It seems promising. I have known friends and relatives who had repeatedly said that their cholesterol level was normal but still they had suffered heart attacks and some even died from that deadly disease. Hopefully, the new discovery and the eventual treatments related to C-reactive protein would alleviate sufferings of millions of people world wide every year, soon.
The New Heart Disease Threat
he evidence has gotten much stronger that a substance known as C-reactive protein may be every bit as important as cholesterol in the diagnosis and treatment of heart disease. Back in 2002, a thought-provoking study found that a blood test for C-reactive protein, called CRP, was actually better than the standard cholesterol test at predicting the risk of a heart attack or a stroke. Now two studies published in The New England Journal of Medicine have shown that drugs that reduce the levels of that protein in patients with severe heart disease can slow the progression of atherosclerosis and prevent heart attacks and cardiac-related deaths.
Although the studies came laced with caveats, their cumulative impact suggests that cardiology is in the midst of a revolutionary shift in understanding the causes of heart disease. After years of focusing on the role of cholesterol in clogging arteries, researchers now recognize C-reactive protein, a measure of inflammation in artery walls and elsewhere, as a prime risk factor in its own right.
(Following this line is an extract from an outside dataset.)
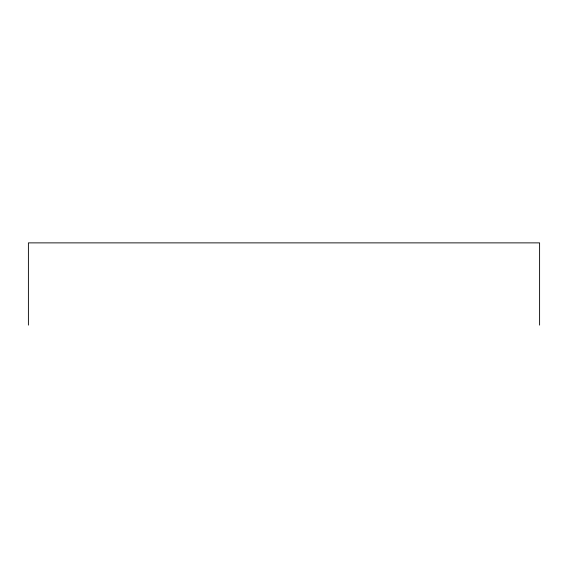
<?xml version="1.0" encoding="UTF-8"?>
<svg xmlns="http://www.w3.org/2000/svg" width="568" height="568" viewBox="0 0 568 568"><rect width="100%" height="100%" fill="white"/><g stroke="black" fill="none" stroke-linecap="round" stroke-linejoin="round"><path stroke-width="0.85" d="M539.6 325.123L539.6 242.877L28.4 242.877L28.4 325.123"/></g></svg>

The key study published last week found that heart disease patients who were given high doses of a cholesterol-lowering statin drug also experienced a drop in CRP levels and in heart attacks. Thus the high-dose statin packed a double wallop.
These findings apply only to patients already suffering from severe heart disease. A separate clinical trial will seek to determine whether lowering C-reactive protein can reduce heart attacks in healthy patients with normal cholesterol levels but above-average levels of C-reactive protein. Nearly half of all people who suffer heart attacks have normal cholesterol levels, so it is critical to devise tests and treatments to reduce their risk.
Even before the final clinical results are in, it would seem prudent for all overweight couch potatoes who think they are safe because their cholesterol levels are low to get their C-reactive protein levels tested. If their CRP levels are high, they may be spurred to lose weight, exercise and stop smoking to bring down those protein levels. High doses of statins, with their risk of side effects, would presumably be a last resort.